Gravy Analytics was the supplier of location data for the service that both Joe Cox and I wrote about recently at Babel Street that makes it simple to track the whereabouts of hundreds of millions of mobile devices just by looking at mobile ad data. They were recently sued by the FTC.
Hackers Claim Massive Breach of Location Data Giant, Threaten to Leak Data
Hackers Claim Massive Breach of Location Data Giant, Threaten to Leak Data
Gravy Analytics has been one of the most important companies in the location data industry for years, collating smartphone location data from around the world selling some to the U.S. government. Hackers say they stole a mountain of data.
404 Media (www.404media.co)
FTC Takes Action Against Gravy Analytics, Venntel for Unlawfully Selling Location Data Tracking Consumers to Sensitive Sites
The Federal Trade Commission is taking action against Gravy Analytics Inc. and its subsidiary Venntel Inc.
Federal Trade Commission (www.ftc.gov)
-
@briankrebs I'm confused how they end up getting so much location data. Are mobile carriers colluding with adtech industry to link up information (port and IP address used for ads -> subscriber id -> carrier location info), or is it just that Google and Apple have such bad permissions defaults/UX that junkware is able to access location unless you lock it down?
-
BrianKrebsreplied to Cassandrich last edited by [email protected]
@dalias It's basically the nature of the mobile ad ecosystem in general. When you visit a website with your mobile, in a microsecond the ability to place a certain ad in front of you is put out as an automated bid request to hundreds of ad networks that can all bid on the ability to show their ad. There is a robust market now of participants to this real-time bidding market that simply collect and resell all the live bidstream data, which can include the phone's unique ID, precise location coordinates, and enriched data from other marketing and advertising firms that provide more details about the user.
If you're really interested in learning more about how it all works, you could do a lot worse than to read my linked story, which explains it in more detail.
-
@briankrebs What I'm asking is the technical question of where the location data originates from.
Is the user's phone doxxing them due to defaults or poor ux tricking the user into letting the adtech libraries integrated into junkware apps access location api?
Or are they getting access to location from the carrier via some identifying info the carrier can resolve back to a subscriber id to dox them?
-
@dalias There are a lot of self-interested parties to blame for this current situation.

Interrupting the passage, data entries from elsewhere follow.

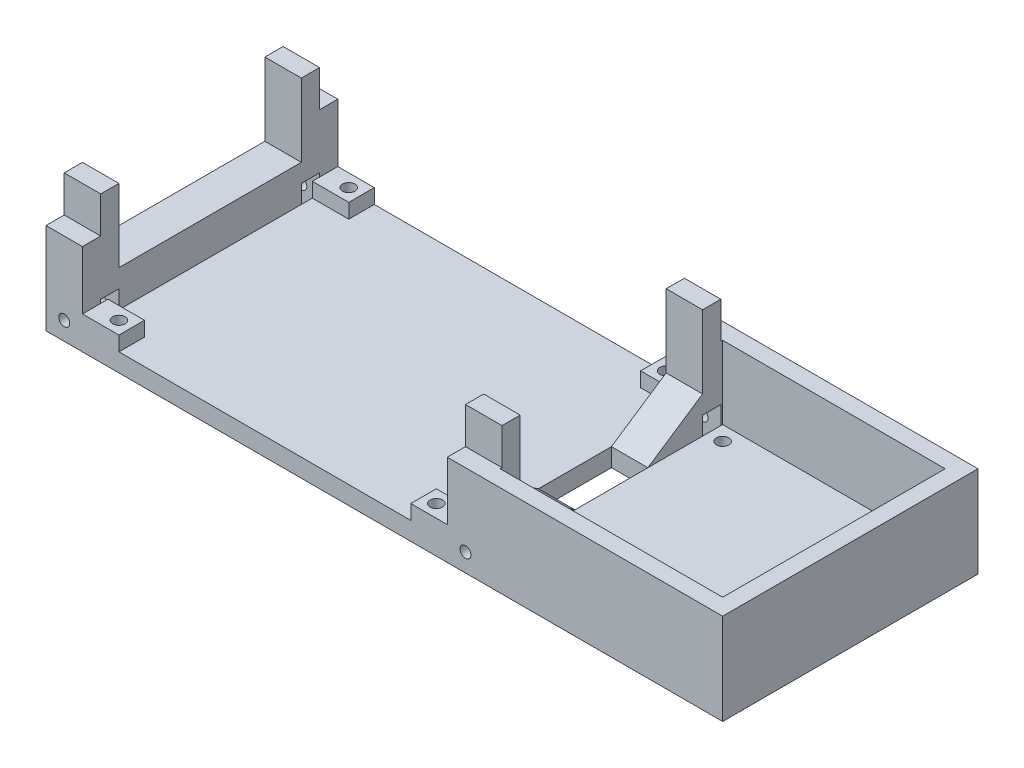
SolidWorks part; units mm, degrees
ref_plane "Front Plane" through (0, 0, 0) normal (0, 0, 1) x (1, 0, 0)
ref_plane "Top Plane" through (0, 0, 0) normal (0, 1, 0) x (1, 0, 0)
ref_plane "Right Plane" through (0, 0, 0) normal (1, 0, 0) x (0, 0, -1)
sketch "Sketch1" plane through (0, 0, 0) normal (0, 1, 0) x (1, 0, 0)
  line L1 (-60, -35) -> (60, -35)
  line L2 (-60, -35) -> (-60, 35)
  line L3 (-60, 35) -> (60, 35)
  line L4 (60, -35) -> (60, 35)
  line L5 (-60, -35) -> (60, 35) construction
  line L6 (-60, 35) -> (60, -35) construction
  point P0 (0, 0)
  dimension "D1" = 120
  dimension "D2" = 70
extrude "Boss-Extrude1" add sketch "Sketch1" along normal blind 5
sketch "Sketch4" plane through (0, 5, 0) normal (0, 1, 0) x (1, 0, 0)
  line L1 (-60, -35) -> (-50, -35)
  line L2 (-60, -35) -> (-60, -25)
  line L3 (-60, -25) -> (-50, -25)
  line L4 (-50, -35) -> (-50, -25)
  line L5 (-60, 35) -> (-50, 35)
  line L6 (-60, 35) -> (-60, 25)
  line L7 (-60, 25) -> (-50, 25)
  line L8 (-50, 35) -> (-50, 25)
  line L9 (60, -35) -> (50, -35)
  line L10 (60, -35) -> (60, -25)
  line L11 (60, -25) -> (50, -25)
  line L12 (50, -35) -> (50, -25)
  line L13 (60, 35) -> (50, 35)
  line L14 (60, 35) -> (60, 25)
  line L15 (60, 25) -> (50, 25)
  line L16 (50, 35) -> (50, 25)
  dimension "D1" = 10
  dimension "D2" = 10
extrude "Boss-Extrude2" add sketch "Sketch4" along normal blind 30
sketch "Sketch5" plane through (0, 0, 0) normal (0, -1, 0) x (1, 0, 0)
  line L0 (-60, -35) -> (-60, 35) construction
  line L1 (-60, -30) -> (-50, -30)
  line L2 (-60, -30) -> (-60, -25)
  line L3 (-60, -25) -> (-50, -25)
  line L4 (-50, -30) -> (-50, -25)
  line L5 (60, 35) -> (60, -35) construction
  line L6 (-60, 30) -> (-50, 30)
  line L7 (-60, 30) -> (-60, 25)
  line L8 (-60, 25) -> (-50, 25)
  line L9 (-50, 30) -> (-50, 25)
  line L10 (60, 30) -> (50, 30)
  line L11 (60, 30) -> (60, 25)
  line L12 (60, 25) -> (50, 25)
  line L13 (50, 30) -> (50, 25)
  line L14 (60, -35) -> (-60, -35) construction
  line L15 (60, -30) -> (50, -30)
  line L16 (60, -30) -> (60, -25)
  line L17 (60, -25) -> (50, -25)
  line L18 (50, -30) -> (50, -25)
  line L19 (-60, 35) -> (60, 35) construction
  dimension "D1" = 10
  dimension "D2" = 5
  dimension "D3" = 5
  dimension "D4" = 5
extrude "Cut-Extrude2" cut sketch "Sketch5" against normal blind 10
sketch "Sketch11" plane through (0, 35, 0) normal (0, 1, 0) x (1, 0, 0)
  line L0 (-50, -35) -> (-50, -25) construction
  line L1 (-60, -35) -> (-50, -35)
  line L2 (-60, -35) -> (-60, -30)
  line L3 (-60, -30) -> (-50, -30)
  line L4 (-50, -35) -> (-50, -30)
  line L5 (60, -35) -> (60, -25) construction
  line L6 (50, -35) -> (60, -35)
  line L7 (50, -35) -> (50, -30)
  line L8 (50, -30) -> (60, -30)
  line L9 (60, -35) -> (60, -30)
  line L10 (60, 25) -> (60, 35) construction
  line L11 (50, 35) -> (60, 35)
  line L12 (50, 35) -> (50, 30)
  line L13 (50, 30) -> (60, 30)
  line L14 (60, 35) -> (60, 30)
  line L15 (-50, 25) -> (-50, 35) construction
  line L16 (-60, 35) -> (-50, 35)
  line L17 (-60, 35) -> (-60, 30)
  line L18 (-60, 30) -> (-50, 30)
  line L19 (-50, 35) -> (-50, 30)
extrude "Cut-Extrude4" cut sketch "Sketch11" against normal blind 10
sketch "Sketch8" plane through (0, 5, 0) normal (0, 1, 0) x (1, 0, 0)
  line L1 (-50, 35) -> (-40, 35)
  line L2 (-50, 35) -> (-50, 28)
  line L3 (-50, 28) -> (-40, 28)
  line L4 (-40, 35) -> (-40, 28)
  line L5 (-50, -35) -> (-40, -35)
  line L6 (-50, -35) -> (-50, -28)
  line L7 (-50, -28) -> (-40, -28)
  line L8 (-40, -35) -> (-40, -28)
  line L9 (50, -35) -> (40, -35)
  line L10 (50, -35) -> (50, -28)
  line L11 (50, -28) -> (40, -28)
  line L12 (40, -35) -> (40, -28)
  line L13 (50, 35) -> (40, 35)
  line L14 (50, 35) -> (50, 28)
  line L15 (50, 28) -> (40, 28)
  line L16 (40, 35) -> (40, 28)
  dimension "D1" = 7
  dimension "D2" = 10
extrude "Boss-Extrude5" add sketch "Sketch8" along normal blind 4
hole_wizard "M3 Clearance Hole2" positions "Sketch10" profile "Sketch9" hole size "M3" standard "ANSI Metric"
sketch "Sketch10" plane through (0, 9, 0) normal (0, 1, 0) x (1, 0, 0)
  line L1 (40, -35) -> (50, -35) construction
  line L2 (-50, -30) -> (-50, -28) construction
  point P0 (-43.5, -31.5)
  point P2 (-43.5, 31.5)
  point P4 (43.5, 31.5)
  point P6 (43.5, -31.5)
  dimension "D1" = 87
  dimension "D2" = 63
  dimension "D3" = 3.5
  dimension "D4" = 6.5
sketch "Sketch9" plane through (-43.5, 9, 31.5) normal (1, 0, 0) x (0, 0, 1)
  line L0 (0, 0) -> (0, 66.0215)
  line L1 (0, 66.0215) -> (1.7, 65)
  line L2 (1.7, 65) -> (1.7, 0)
  line L5 (1.7, 0) -> (0, 0)
  line L10 (0, 66.0215) -> (-1.7, 65) construction
  line L11 (0, -6.35) -> (0, 107.95) construction
  dimension "Hole Dia." = 3.4
  dimension "Hole Depth" = 65
  dimension "Drill Angle" = 118
sketch "Sketch12" plane through (0, 0, 0) normal (0, -1, 0) x (1, 0, 0)
  line L1 (125.5, 35) -> (60, 35)
  line L2 (125.5, 35) -> (125.5, -35)
  line L3 (125.5, -35) -> (60, -35)
  line L4 (60, 35) -> (60, -35)
  line L5 (125.5, 35) -> (60, -35) construction
  line L6 (125.5, -35) -> (60, 35) construction
  line L7 (60, 25) -> (60, -25) construction
  point P0 (92.75, 0)
  dimension "D1" = 65.5
  dimension "D2" = 70
extrude "Boss-Extrude6" add sketch "Sketch12" against normal blind 5
sketch "Sketch13" plane through (0, 5, 0) normal (0, 1, 0) x (1, 0, 0)
  line L1 (60, 35) -> (125.5, 35)
  line L2 (60, 35) -> (60, 30.5)
  line L3 (60, 30.5) -> (121, 30.5)
  line L4 (125.5, -35) -> (125.5, 35)
  line L5 (125.5, 35) -> (125.5, -35) construction
  line L6 (60, -35) -> (125.5, -35)
  line L7 (60, -35) -> (60, -30.5)
  line L8 (60, -30.5) -> (121, -30.5)
  line L11 (121, 30.5) -> (121, -30.5)
  dimension "D1" = 61
  dimension "D2" = 4.5
  dimension "D3" = 4.5
extrude "Boss-Extrude7" add sketch "Sketch13" along normal blind 20
hole_wizard "M3 Clearance Hole3" positions "Sketch15" profile "Sketch14" hole size "M3" standard "ANSI Metric"
sketch "Sketch15" plane through (0, 5, 0) normal (0, 1, 0) x (1, 0, 0)
  line L0 (121, -30.5) -> (60, -30.5) construction
  line L2 (60, -30) -> (60, -25) construction
  point P0 (117, -26.5)
  point P2 (117, 26.5)
  point P4 (64, 26.5)
  point P6 (64, -26.5)
  point P15 (60, -27.5)
  dimension "D1" = 53
  dimension "D2" = 53
  dimension "D3" = 4
  dimension "D4" = 4
sketch "Sketch14" plane through (117, 5, 26.5) normal (1, 0, 0) x (0, 0, 1)
  line L0 (0, 0) -> (0, 66.0215)
  line L1 (0, 66.0215) -> (1.7, 65)
  line L2 (1.7, 65) -> (1.7, 0)
  line L5 (1.7, 0) -> (0, 0)
  line L10 (0, 66.0215) -> (-1.7, 65) construction
  line L11 (0, -6.35) -> (0, 107.95) construction
  dimension "Hole Dia." = 3.4
  dimension "Hole Depth" = 65
  dimension "Drill Angle" = 118
sketch "Sketch24" plane through (0, 5, 0) normal (0, 1, 0) x (1, 0, 0)
  line L1 (-60, 25) -> (-50, 25)
  line L2 (-60, 25) -> (-60, -25)
  line L3 (-60, -25) -> (-50, -25)
  line L4 (-50, 25) -> (-50, -25)
  line L5 (60, -25) -> (50, -25)
  line L6 (60, -25) -> (60, 25)
  line L7 (60, 25) -> (50, 25)
  line L8 (50, -25) -> (50, 25)
extrude "Boss-Extrude10" add sketch "Sketch24" along normal blind 10
sketch "Sketch16" plane through (0, 15, 0) normal (0, 1, 0) x (1, 0, 0)
  line L0 (50, 25) -> (50, -25) construction
  line L1 (60, -10) -> (50, -10)
  line L2 (60, -10) -> (60, 10)
  line L3 (60, 10) -> (50, 10)
  line L4 (50, -10) -> (50, 10)
  line L6 (60, -30) -> (60, -25) construction
  line L9 (60, -25) -> (50, -25) construction
  line L10 (50, 25) -> (60, 25) construction
  dimension "D1" = 15
  dimension "D2" = 15
extrude "Cut-Extrude5" cut sketch "Sketch16" against normal through all
sketch "Sketch22" plane through (0, 0, 35) normal (0, 0, 1) x (1, 0, 0)
  line L0 (-60, 0) -> (125.5, 0) construction
  line L2 (-60, 25) -> (-60, 0) construction
  line L3 (50, 25) -> (50, 9) construction
  circle A0 centre (-55, 5) radius 1.5
  circle A1 centre (55, 5) radius 1.5
  point P8 (-60, 3.3385)
  dimension "D3" = 3
  dimension "D1" = 5
  dimension "D2" = 5
  dimension "D4" = 5
extrude "Cut-Extrude7" cut sketch "Sketch22" against normal blind 20
chamfer "Chamfer2" distance 15 distance2 10 2 edges at (55, 15, 10) (55, 15, -10) first distance on face at (53.75, 15, 17.5) first distance on face at (56.25, 15, -17.5)
sketch "Sketch25" plane through (0, 0, 0) normal (0, -1, 0) x (1, 0, 0)
  line L0 (-60, 25) -> (-50, 25) construction
  line L1 (-57.7, -20) -> (-52.3, -20)
  line L2 (-57.7, -20) -> (-57.7, -17.8)
  line L3 (-57.7, -17.8) -> (-52.3, -17.8)
  line L4 (-52.3, -20) -> (-52.3, -17.8)
  line L5 (52.3, -20) -> (57.7, -20)
  line L6 (52.3, -20) -> (52.3, -18.3898)
  line L7 (52.3, -18.3898) -> (57.7, -18.3898)
  line L8 (57.7, -20) -> (57.7, -18.3898)
  line L9 (52.3, 20) -> (57.7, 20)
  line L10 (52.3, 20) -> (52.3, 17.8)
  line L11 (52.3, 17.8) -> (57.7, 17.8)
  line L12 (57.7, 20) -> (57.7, 17.8)
  line L13 (-57.7, 20) -> (-52.3, 20)
  line L14 (-57.7, 20) -> (-57.7, 17.8)
  line L15 (-57.7, 17.8) -> (-52.3, 17.8)
  line L16 (-52.3, 20) -> (-52.3, 17.8)
  line L17 (-50, -25) -> (-60, -25) construction
  line L18 (-50, -25) -> (-60, -25) construction
  line L23 (55, 25) -> (55, -25) construction
  line L24 (50, 25) -> (60, 25) construction
  line L25 (60, -25) -> (50, -25) construction
  line L26 (-55, 25) -> (-55, -25) construction
  line L27 (-60, 25) -> (-50, 25) construction
  dimension "D1" = 2.2
  dimension "D2" = 5
  dimension "D3" = 5
  dimension "D4" = 5.4
  dimension "D5" = 2.7
  dimension "D6" = 2.7
extrude "Cut-Extrude8" cut sketch "Sketch25" against normal blind 8
sketch "Sketch26" plane through (0, 0, -35) normal (0, 0, -1) x (-1, 0, 0)
  circle A0 centre (-55, 5) radius 1.5
  circle A1 centre (55, 5) radius 1.5
  circle A2 centre (55, 5) radius 1.5 construction
  circle A3 centre (-55, 5) radius 1.5 construction
extrude "Cut-Extrude9" cut sketch "Sketch26" against normal blind 20
equation "\"D5@Sketch25\"=\"D4@Sketch25\"/2"
equation "\"D6@Sketch25\"=\"D5@Sketch25\""

Among them are Apple and Google, for giving each phone a unique identifier for advertisers (IDFA) that could be used to track/differentiate users over time.
-
@dalias Some of this is from mobile apps which sell user location data. A lot of it is from mobile websites that share location data with advertisers
-
P [email protected] shared this topic
-
@briankrebs But none of those should have access to location to begin with. Unless they've exploited bugs or tricked the user (or exploited bad OS defaults) to have location permission.
-
@dalias Yeah you're asking good questions, but afaict they are answered in the story I wrote and linked to. I realize it's long, but that's because it's also complicated.
-
@briankrebs I'm not asking this to be difficult or to blame users for installing junk apps and not locking down permissions right.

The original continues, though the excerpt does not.